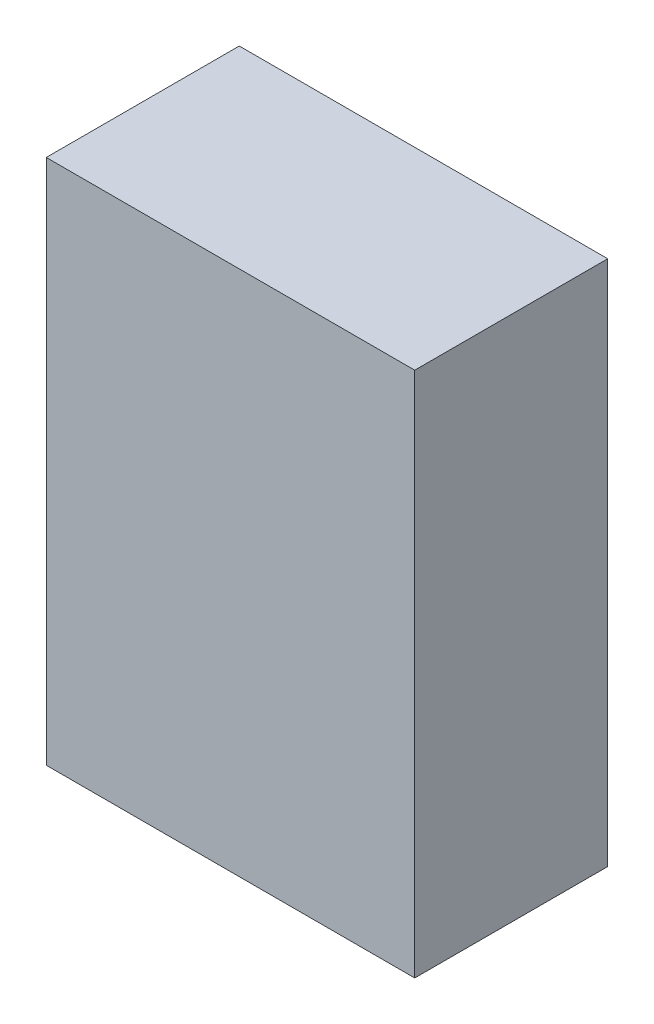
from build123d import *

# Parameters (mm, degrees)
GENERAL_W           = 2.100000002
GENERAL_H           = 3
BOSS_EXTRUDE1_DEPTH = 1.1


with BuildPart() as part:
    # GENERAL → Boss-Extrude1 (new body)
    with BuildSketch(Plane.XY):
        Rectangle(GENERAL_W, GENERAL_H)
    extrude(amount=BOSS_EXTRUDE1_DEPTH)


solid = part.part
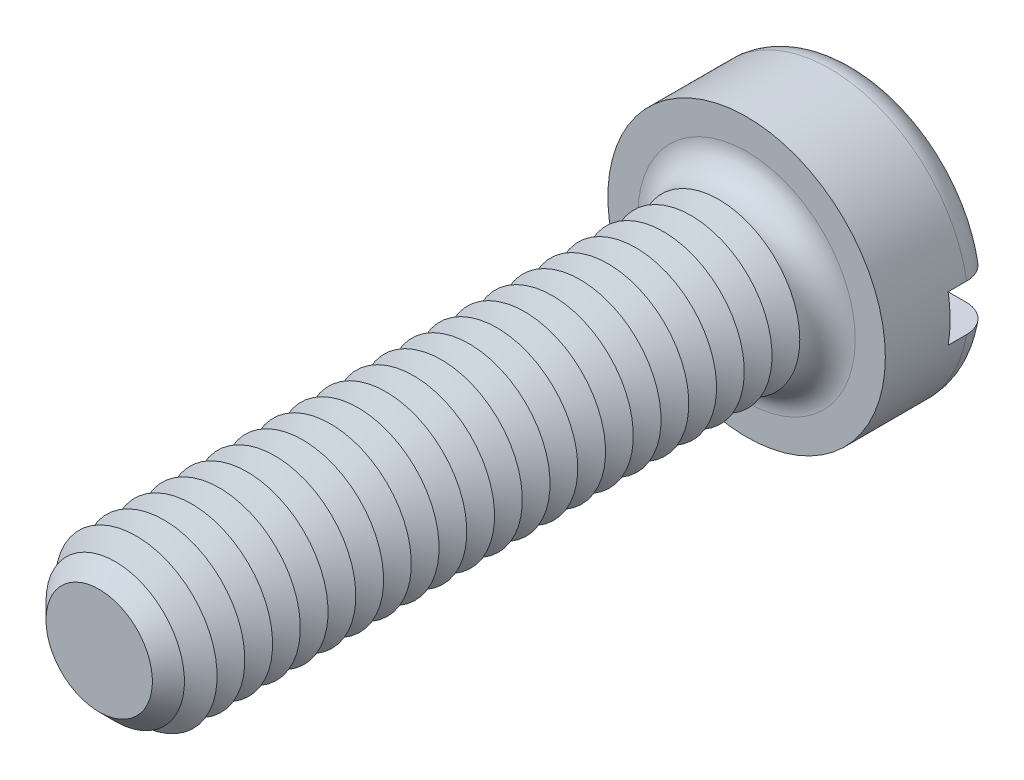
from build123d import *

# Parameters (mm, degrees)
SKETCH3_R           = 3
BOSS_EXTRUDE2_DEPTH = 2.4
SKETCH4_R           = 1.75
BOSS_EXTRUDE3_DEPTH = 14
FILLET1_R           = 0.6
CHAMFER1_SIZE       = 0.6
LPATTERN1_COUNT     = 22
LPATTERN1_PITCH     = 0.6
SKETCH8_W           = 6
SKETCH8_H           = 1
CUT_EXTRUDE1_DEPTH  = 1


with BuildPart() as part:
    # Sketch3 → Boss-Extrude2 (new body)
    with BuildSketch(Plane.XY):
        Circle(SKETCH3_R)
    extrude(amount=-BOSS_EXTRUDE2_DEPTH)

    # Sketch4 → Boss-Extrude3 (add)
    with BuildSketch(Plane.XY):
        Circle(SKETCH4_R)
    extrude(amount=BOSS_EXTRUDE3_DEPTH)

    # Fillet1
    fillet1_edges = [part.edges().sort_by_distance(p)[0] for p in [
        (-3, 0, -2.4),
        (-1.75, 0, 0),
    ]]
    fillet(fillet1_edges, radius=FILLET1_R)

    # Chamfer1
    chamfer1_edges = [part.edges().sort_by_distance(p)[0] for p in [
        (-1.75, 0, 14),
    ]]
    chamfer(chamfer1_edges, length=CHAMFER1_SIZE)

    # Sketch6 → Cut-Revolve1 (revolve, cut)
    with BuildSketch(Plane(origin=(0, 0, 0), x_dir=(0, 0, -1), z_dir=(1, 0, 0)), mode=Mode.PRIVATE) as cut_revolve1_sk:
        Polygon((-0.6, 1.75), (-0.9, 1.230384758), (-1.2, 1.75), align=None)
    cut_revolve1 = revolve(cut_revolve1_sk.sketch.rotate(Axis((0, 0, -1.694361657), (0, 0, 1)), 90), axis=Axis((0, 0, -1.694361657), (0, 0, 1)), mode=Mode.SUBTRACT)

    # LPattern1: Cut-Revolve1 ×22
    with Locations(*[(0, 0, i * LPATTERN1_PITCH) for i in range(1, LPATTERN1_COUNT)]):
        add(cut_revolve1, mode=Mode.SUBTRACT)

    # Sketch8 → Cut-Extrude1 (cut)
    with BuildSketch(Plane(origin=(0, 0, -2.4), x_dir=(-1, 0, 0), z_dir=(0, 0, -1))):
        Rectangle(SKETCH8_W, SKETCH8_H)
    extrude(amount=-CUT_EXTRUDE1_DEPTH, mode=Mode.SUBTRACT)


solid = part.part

TASK TO COMPLETE. Show each line of the material where the word "mode" occurs.

TASK RESULT.
    with BuildSketch(Plane(origin=(0, 0, 0), x_dir=(0, 0, -1), z_dir=(1, 0, 0)), mode=Mode.PRIVATE) as cut_revolve1_sk:
    cut_revolve1 = revolve(cut_revolve1_sk.sketch.rotate(Axis((0, 0, -1.694361657), (0, 0, 1)), 90), axis=Axis((0, 0, -1.694361657), (0, 0, 1)), mode=Mode.SUBTRACT)
        add(cut_revolve1, mode=Mode.SUBTRACT)
    extrude(amount=-CUT_EXTRUDE1_DEPTH, mode=Mode.SUBTRACT)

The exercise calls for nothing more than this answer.